写真会は嵐のようでした。
トイレ行こー、ついでに逃走しよー、と生徒会室の扉を開けた先には例の御方達………ファンクラブ会長達がいたのだ。
「優美!なんで体育館いなかったのよ!」
「あ、撫子先輩……えっ……と……!?」
ちょっと待って!先輩、揺すり方が激しすぎます!
「だって需要ないから」さえも言えない程強く揺さぶらないで!ぐらぐらする!
それを見かねたのか、ユリア様が助け舟を出してくれた。
「撫子さん、そのくらいにしておあげなさい。優美さん困ってらっしゃるわよ」
「でもさー」
「まぁ、写真ならここでも撮れるしいいんじゃない?」
「菊乃も言うんだったら………」
はぁ、やっと解放された。解放されても頭ぐるぐるしてるけどね………。
「ところで優美さん、どこに行くの?まさか逃げ」
「と、トイレに行くところです!」
すみれ先輩、勘良すぎです。てか、目が座ってらっしゃるのはなぜなんですかー、なんで逃げるの分かったんですか!今風に言うと、パねぇ、マジパねぇって奴だよね!………あれ、古かった?
まあ、逃げないとは言ってないから、トイレにこも…………あ、いや、こもると色々女としての危機が迫るか。トイレに行って、メールで友達に呼ばれたからって言って逃走しよう、そうしよう!
「じゃあ、行ってきます」
と足を踏み出したところで服を引っ張られた。
振り向くと、椿先輩が私の体操服をつかんでいて、
「………私も」
え、一緒に来るんですか?私からしてみたら非常に困るんですが。
「あ、私も行くー」
撫子先輩もなんですね、私の計画は尽く潰されるんですね………泣きたい。
トイレから戻ると、そこはもうカメラフラッシュのオンパレードだった。まあ、体育館での生徒会役員との撮影会も似たようなものだけど、被写体がモデル並の美形ばかりだから、雑誌の撮影みたいになってる。
「あれ?」
その集団の中に、見慣れない男子生徒がいる。
こちらに背中を見せているため顔は分からないが、この場にいるのだから、考えられるのは桃華のファンクラブ会長しかいない。桃華と親しげに話しているからそれと見て間違いなさそうだ。
ここで、今まで散々逃げられなかった私の気分がふっと上昇した。もしかしたら、彼は私のような普通さんで、この写真会に動揺してるのではないかと!
これは!これはモブ顔か!?
「あ、優美ちゃん!写真写真!」
桃華の呼びかけに反応するように彼がこちらを向く。
私は期待を込めてわくわく見ていたが、次の瞬間、ものすごく後悔した。
「あ、初めまして。桃華様のファンクラブ会長をしています、小林克也といいます」
「お前もか………」
あれはイケメン(てき)だ。あちら側の人間だったわ。気分が一気に下降する私にきょとんとしてるけど、原因あなただよ?役員達よりキラキラしているワケじゃないけど、女には困らないだろうなくらいなイケメンであるあなた様ですよ。
期待したのにぃ………。なんかカエサルや項王の気持ちが分かった気がする。彼らは死に際だったから、もっと悲壮感ただよってたでしょうけど。
私がぼっちに打ちひしがれていると、さらなる爆弾が。
「あ、ついでに言うと、優実ちゃんのファンクラブのナンバー17番さんだから」
「はぁ!?」
いつの間に増えてんのファンクラブ!あんなもの今の時点でも黒歴史以外の何物でもないのに!てか今闇に葬れるなら今すぐ清めの塩用意するのに!

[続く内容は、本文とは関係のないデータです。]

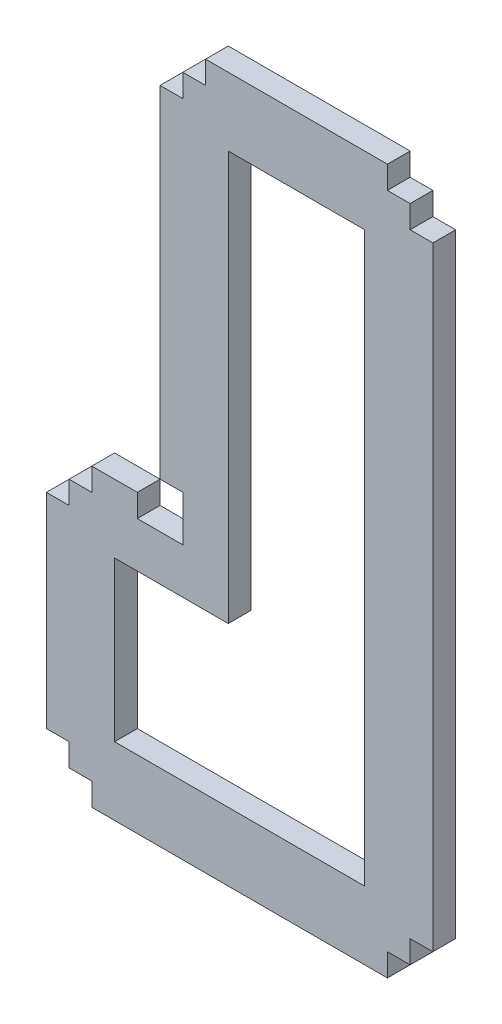
ISO-10303-21;
HEADER;
FILE_DESCRIPTION(('STEP AP214'),'2;1');
FILE_NAME('part.step','',(''),(''),'','','');
FILE_SCHEMA(('AUTOMOTIVE_DESIGN { 1 0 10303 214 1 1 1 1 }'));
ENDSEC;
DATA;
#1=APPLICATION_CONTEXT('core data for automotive mechanical design processes');
#2=APPLICATION_PROTOCOL_DEFINITION('international standard','automotive_design',2000,#1);
#3=PRODUCT_CONTEXT('',#1,'mechanical');
#4=PRODUCT('Part','Part','',(#3));
#5=PRODUCT_RELATED_PRODUCT_CATEGORY('part','',(#4));
#6=PRODUCT_DEFINITION_FORMATION('','',#4);
#7=PRODUCT_DEFINITION_CONTEXT('part definition',#1,'design');
#8=PRODUCT_DEFINITION('design','',#6,#7);
#9=PRODUCT_DEFINITION_SHAPE('','',#8);
#10=(LENGTH_UNIT() NAMED_UNIT(*) SI_UNIT(.MILLI.,.METRE.));
#11=(NAMED_UNIT(*) PLANE_ANGLE_UNIT() SI_UNIT($,.RADIAN.));
#12=(NAMED_UNIT(*) SI_UNIT($,.STERADIAN.) SOLID_ANGLE_UNIT());
#13=UNCERTAINTY_MEASURE_WITH_UNIT(LENGTH_MEASURE(1.E-05),#10,'distance_accuracy_value','');
#14=(GEOMETRIC_REPRESENTATION_CONTEXT(3) GLOBAL_UNCERTAINTY_ASSIGNED_CONTEXT((#13)) GLOBAL_UNIT_ASSIGNED_CONTEXT((#10,
#11,#12)) REPRESENTATION_CONTEXT('',''));
#15=CARTESIAN_POINT('',(0.,0.,0.));
#16=DIRECTION('',(0.,0.,1.));
#17=DIRECTION('',(1.,0.,0.));
#18=AXIS2_PLACEMENT_3D('',#15,#16,#17);
#19=CARTESIAN_POINT('',(12.7,-63.5,-9.525));
#20=DIRECTION('',(-1.,0.,0.));
#21=DIRECTION('',(0.,0.,1.));
#22=AXIS2_PLACEMENT_3D('',#19,#20,#21);
#23=PLANE('',#22);
#24=DIRECTION('',(0.,-1.,0.));
#25=VECTOR('',#24,1.);
#26=CARTESIAN_POINT('',(12.7,-63.5,-3.175));
#27=LINE('',#26,#25);
#28=CARTESIAN_POINT('',(12.7,-63.5,-3.175));
#29=VERTEX_POINT('',#28);
#30=CARTESIAN_POINT('',(12.7,-69.85,-3.175));
#31=VERTEX_POINT('',#30);
#32=EDGE_CURVE('E311',#29,#31,#27,.T.);
#33=ORIENTED_EDGE('',*,*,#32,.F.);
#34=DIRECTION('',(0.,0.,1.));
#35=VECTOR('',#34,1.);
#36=CARTESIAN_POINT('',(12.7,-63.5,-9.525));
#37=LINE('',#36,#35);
#38=CARTESIAN_POINT('',(12.7,-63.5,-9.525));
#39=VERTEX_POINT('',#38);
#40=EDGE_CURVE('E11',#39,#29,#37,.T.);
#41=ORIENTED_EDGE('',*,*,#40,.F.);
#42=DIRECTION('',(0.,-1.,0.));
#43=VECTOR('',#42,1.);
#44=CARTESIAN_POINT('',(12.7,-63.5,-9.525));
#45=LINE('',#44,#43);
#46=CARTESIAN_POINT('',(12.7,-69.85,-9.525));
#47=VERTEX_POINT('',#46);
#48=EDGE_CURVE('E319',#39,#47,#45,.T.);
#49=ORIENTED_EDGE('',*,*,#48,.T.);
#50=DIRECTION('',(0.,0.,1.));
#51=VECTOR('',#50,1.);
#52=CARTESIAN_POINT('',(12.7,-69.85,-9.525));
#53=LINE('',#52,#51);
#54=EDGE_CURVE('E36',#47,#31,#53,.T.);
#55=ORIENTED_EDGE('',*,*,#54,.T.);
#56=EDGE_LOOP('',(#33,#41,#49,#55));
#57=FACE_BOUND('',#56,.T.);
#58=ADVANCED_FACE('F33',(#57),#23,.T.);
#59=CARTESIAN_POINT('',(12.7,-63.5,-9.525));
#60=DIRECTION('',(0.,-1.,0.));
#61=DIRECTION('',(0.,0.,-1.));
#62=AXIS2_PLACEMENT_3D('',#59,#60,#61);
#63=PLANE('',#62);
#64=DIRECTION('',(1.,0.,0.));
#65=VECTOR('',#64,1.);
#66=CARTESIAN_POINT('',(12.7,-63.5,-3.175));
#67=LINE('',#66,#65);
#68=CARTESIAN_POINT('',(6.35000000000001,-63.5,-3.175));
#69=VERTEX_POINT('',#68);
#70=EDGE_CURVE('E323',#69,#29,#67,.T.);
#71=ORIENTED_EDGE('',*,*,#70,.F.);
#72=DIRECTION('',(0.,0.,1.));
#73=VECTOR('',#72,1.);
#74=CARTESIAN_POINT('',(6.35000000000001,-63.5,-9.525));
#75=LINE('',#74,#73);
#76=CARTESIAN_POINT('',(6.35000000000001,-63.5,-9.525));
#77=VERTEX_POINT('',#76);
#78=EDGE_CURVE('E41',#77,#69,#75,.T.);
#79=ORIENTED_EDGE('',*,*,#78,.F.);
#80=DIRECTION('',(1.,0.,0.));
#81=VECTOR('',#80,1.);
#82=CARTESIAN_POINT('',(12.7,-63.5,-9.525));
#83=LINE('',#82,#81);
#84=EDGE_CURVE('E407',#77,#39,#83,.T.);
#85=ORIENTED_EDGE('',*,*,#84,.T.);
#86=ORIENTED_EDGE('',*,*,#40,.T.);
#87=EDGE_LOOP('',(#71,#79,#85,#86));
#88=FACE_BOUND('',#87,.T.);
#89=ADVANCED_FACE('F564',(#88),#63,.T.);
#90=CARTESIAN_POINT('',(6.35000000000001,-63.5,-9.525));
#91=DIRECTION('',(-1.,0.,0.));
#92=DIRECTION('',(0.,0.,1.));
#93=AXIS2_PLACEMENT_3D('',#90,#91,#92);
#94=PLANE('',#93);
#95=DIRECTION('',(0.,-1.,0.));
#96=VECTOR('',#95,1.);
#97=CARTESIAN_POINT('',(6.35000000000001,-63.5,-3.175));
#98=LINE('',#97,#96);
#99=CARTESIAN_POINT('',(6.35000000000001,-6.34999999999999,-3.175));
#100=VERTEX_POINT('',#99);
#101=EDGE_CURVE('E493',#100,#69,#98,.T.);
#102=ORIENTED_EDGE('',*,*,#101,.F.);
#103=DIRECTION('',(0.,0.,1.));
#104=VECTOR('',#103,1.);
#105=CARTESIAN_POINT('',(6.35000000000001,-6.34999999999999,-9.525));
#106=LINE('',#105,#104);
#107=CARTESIAN_POINT('',(6.35000000000001,-6.34999999999999,-9.525));
#108=VERTEX_POINT('',#107);
#109=EDGE_CURVE('E499',#108,#100,#106,.T.);
#110=ORIENTED_EDGE('',*,*,#109,.F.);
#111=DIRECTION('',(0.,-1.,0.));
#112=VECTOR('',#111,1.);
#113=CARTESIAN_POINT('',(6.35000000000001,-63.5,-9.525));
#114=LINE('',#113,#112);
#115=EDGE_CURVE('E404',#108,#77,#114,.T.);
#116=ORIENTED_EDGE('',*,*,#115,.T.);
#117=ORIENTED_EDGE('',*,*,#78,.T.);
#118=EDGE_LOOP('',(#102,#110,#116,#117));
#119=FACE_BOUND('',#118,.T.);
#120=ADVANCED_FACE('F671',(#119),#94,.T.);
#121=CARTESIAN_POINT('',(12.7,-6.34999999999999,-9.525));
#122=DIRECTION('',(0.,1.,0.));
#123=DIRECTION('',(-1.,0.,0.));
#124=AXIS2_PLACEMENT_3D('',#121,#122,#123);
#125=PLANE('',#124);
#126=DIRECTION('',(-1.,0.,0.));
#127=VECTOR('',#126,1.);
#128=CARTESIAN_POINT('',(12.7,-6.34999999999999,-3.175));
#129=LINE('',#128,#127);
#130=CARTESIAN_POINT('',(12.7,-6.34999999999999,-3.175));
#131=VERTEX_POINT('',#130);
#132=EDGE_CURVE('E490',#131,#100,#129,.T.);
#133=ORIENTED_EDGE('',*,*,#132,.F.);
#134=DIRECTION('',(0.,0.,1.));
#135=VECTOR('',#134,1.);
#136=CARTESIAN_POINT('',(12.7,-6.34999999999999,-9.525));
#137=LINE('',#136,#135);
#138=CARTESIAN_POINT('',(12.7,-6.34999999999999,-9.525));
#139=VERTEX_POINT('',#138);
#140=EDGE_CURVE('E501',#139,#131,#137,.T.);
#141=ORIENTED_EDGE('',*,*,#140,.F.);
#142=DIRECTION('',(-1.,0.,0.));
#143=VECTOR('',#142,1.);
#144=CARTESIAN_POINT('',(12.7,-6.34999999999999,-9.525));
#145=LINE('',#144,#143);
#146=EDGE_CURVE('E401',#139,#108,#145,.T.);
#147=ORIENTED_EDGE('',*,*,#146,.T.);
#148=ORIENTED_EDGE('',*,*,#109,.T.);
#149=EDGE_LOOP('',(#133,#141,#147,#148));
#150=FACE_BOUND('',#149,.T.);
#151=ADVANCED_FACE('F668',(#150),#125,.T.);
#152=CARTESIAN_POINT('',(12.7,0.,-9.525));
#153=DIRECTION('',(-1.,0.,0.));
#154=DIRECTION('',(0.,0.,1.));
#155=AXIS2_PLACEMENT_3D('',#152,#153,#154);
#156=PLANE('',#155);
#157=DIRECTION('',(0.,-1.,0.));
#158=VECTOR('',#157,1.);
#159=CARTESIAN_POINT('',(12.7,0.,-3.175));
#160=LINE('',#159,#158);
#161=CARTESIAN_POINT('',(12.7,0.,-3.175));
#162=VERTEX_POINT('',#161);
#163=EDGE_CURVE('E487',#162,#131,#160,.T.);
#164=ORIENTED_EDGE('',*,*,#163,.F.);
#165=DIRECTION('',(0.,0.,1.));
#166=VECTOR('',#165,1.);
#167=CARTESIAN_POINT('',(12.7,0.,-9.525));
#168=LINE('',#167,#166);
#169=CARTESIAN_POINT('',(12.7,0.,-9.525));
#170=VERTEX_POINT('',#169);
#171=EDGE_CURVE('E503',#170,#162,#168,.T.);
#172=ORIENTED_EDGE('',*,*,#171,.F.);
#173=DIRECTION('',(0.,-1.,0.));
#174=VECTOR('',#173,1.);
#175=CARTESIAN_POINT('',(12.7,0.,-9.525));
#176=LINE('',#175,#174);
#177=EDGE_CURVE('E398',#170,#139,#176,.T.);
#178=ORIENTED_EDGE('',*,*,#177,.T.);
#179=ORIENTED_EDGE('',*,*,#140,.T.);
#180=EDGE_LOOP('',(#164,#172,#178,#179));
#181=FACE_BOUND('',#180,.T.);
#182=ADVANCED_FACE('F665',(#181),#156,.T.);
#183=CARTESIAN_POINT('',(19.05,0.,-9.525));
#184=DIRECTION('',(0.,1.,0.));
#185=DIRECTION('',(-1.,0.,0.));
#186=AXIS2_PLACEMENT_3D('',#183,#184,#185);
#187=PLANE('',#186);
#188=DIRECTION('',(-1.,0.,0.));
#189=VECTOR('',#188,1.);
#190=CARTESIAN_POINT('',(19.05,0.,-3.175));
#191=LINE('',#190,#189);
#192=CARTESIAN_POINT('',(19.05,0.,-3.175));
#193=VERTEX_POINT('',#192);
#194=EDGE_CURVE('E484',#193,#162,#191,.T.);
#195=ORIENTED_EDGE('',*,*,#194,.F.);
#196=DIRECTION('',(0.,0.,1.));
#197=VECTOR('',#196,1.);
#198=CARTESIAN_POINT('',(19.05,0.,-9.525));
#199=LINE('',#198,#197);
#200=CARTESIAN_POINT('',(19.05,0.,-9.525));
#201=VERTEX_POINT('',#200);
#202=EDGE_CURVE('E505',#201,#193,#199,.T.);
#203=ORIENTED_EDGE('',*,*,#202,.F.);
#204=DIRECTION('',(-1.,0.,0.));
#205=VECTOR('',#204,1.);
#206=CARTESIAN_POINT('',(19.05,0.,-9.525));
#207=LINE('',#206,#205);
#208=EDGE_CURVE('E395',#201,#170,#207,.T.);
#209=ORIENTED_EDGE('',*,*,#208,.T.);
#210=ORIENTED_EDGE('',*,*,#171,.T.);
#211=EDGE_LOOP('',(#195,#203,#209,#210));
#212=FACE_BOUND('',#211,.T.);
#213=ADVANCED_FACE('F661',(#212),#187,.T.);
#214=CARTESIAN_POINT('',(19.05,0.,-9.525));
#215=DIRECTION('',(-1.,0.,0.));
#216=DIRECTION('',(0.,0.,1.));
#217=AXIS2_PLACEMENT_3D('',#214,#215,#216);
#218=PLANE('',#217);
#219=DIRECTION('',(0.,-1.,0.));
#220=VECTOR('',#219,1.);
#221=CARTESIAN_POINT('',(19.05,0.,-3.175));
#222=LINE('',#221,#220);
#223=CARTESIAN_POINT('',(19.05,6.35,-3.175));
#224=VERTEX_POINT('',#223);
#225=EDGE_CURVE('E481',#224,#193,#222,.T.);
#226=ORIENTED_EDGE('',*,*,#225,.F.);
#227=DIRECTION('',(0.,0.,1.));
#228=VECTOR('',#227,1.);
#229=CARTESIAN_POINT('',(19.05,6.35,-9.525));
#230=LINE('',#229,#228);
#231=CARTESIAN_POINT('',(19.05,6.35,-9.525));
#232=VERTEX_POINT('',#231);
#233=EDGE_CURVE('E507',#232,#224,#230,.T.);
#234=ORIENTED_EDGE('',*,*,#233,.F.);
#235=DIRECTION('',(0.,-1.,0.));
#236=VECTOR('',#235,1.);
#237=CARTESIAN_POINT('',(19.05,0.,-9.525));
#238=LINE('',#237,#236);
#239=EDGE_CURVE('E392',#232,#201,#238,.T.);
#240=ORIENTED_EDGE('',*,*,#239,.T.);
#241=ORIENTED_EDGE('',*,*,#202,.T.);
#242=EDGE_LOOP('',(#226,#234,#240,#241));
#243=FACE_BOUND('',#242,.T.);
#244=ADVANCED_FACE('F657',(#243),#218,.T.);
#245=CARTESIAN_POINT('',(19.05,6.35,-9.525));
#246=DIRECTION('',(0.,1.,0.));
#247=DIRECTION('',(0.,0.,1.));
#248=AXIS2_PLACEMENT_3D('',#245,#246,#247);
#249=PLANE('',#248);
#250=DIRECTION('',(-1.,0.,0.));
#251=VECTOR('',#250,1.);
#252=CARTESIAN_POINT('',(19.05,6.35,-3.175));
#253=LINE('',#252,#251);
#254=CARTESIAN_POINT('',(31.75,6.35,-3.175));
#255=VERTEX_POINT('',#254);
#256=EDGE_CURVE('E478',#255,#224,#253,.T.);
#257=ORIENTED_EDGE('',*,*,#256,.F.);
#258=DIRECTION('',(0.,0.,1.));
#259=VECTOR('',#258,1.);
#260=CARTESIAN_POINT('',(31.75,6.35,-9.525));
#261=LINE('',#260,#259);
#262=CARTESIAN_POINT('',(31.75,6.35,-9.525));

「さ!写真撮らないと時間無くなっちゃうよ、早く早く!」
元凶が何を言うか!
思わず桃華を睨んだけど桃華は小林君とそ知らぬ顔でカメラの輪の中に入って行った。仕方ない。参加するか、後で恨みは買いたくないし。顔が整ってらっしゃる方々って怒ったら普通の人より凄味が増すんだよね。それだけは避けなきゃ。
その後、1人1人ツーショット写真を撮らされたり、皆での集合写真でセンターにさせられそうになるのを本気で阻止していたらあっという間に試合の時間となった。まるで嵐。生徒会室はそこまで広いというわけじゃないので結構もみくちゃにされた。居づらいことこの上ない。更にカメラマンさんが「青春だなぁ」とかいった目で見てくるので物凄くいたたまれなかったしね!
勿論センターは死ぬ気で阻止しましたよ!後で女の子たちに私の顔だけ切り取られる未来を想像してきちんと端っこになりましたとも。自分のとこだけが切り取ら………言ってて悲しくなってきた私は悪くないと思う。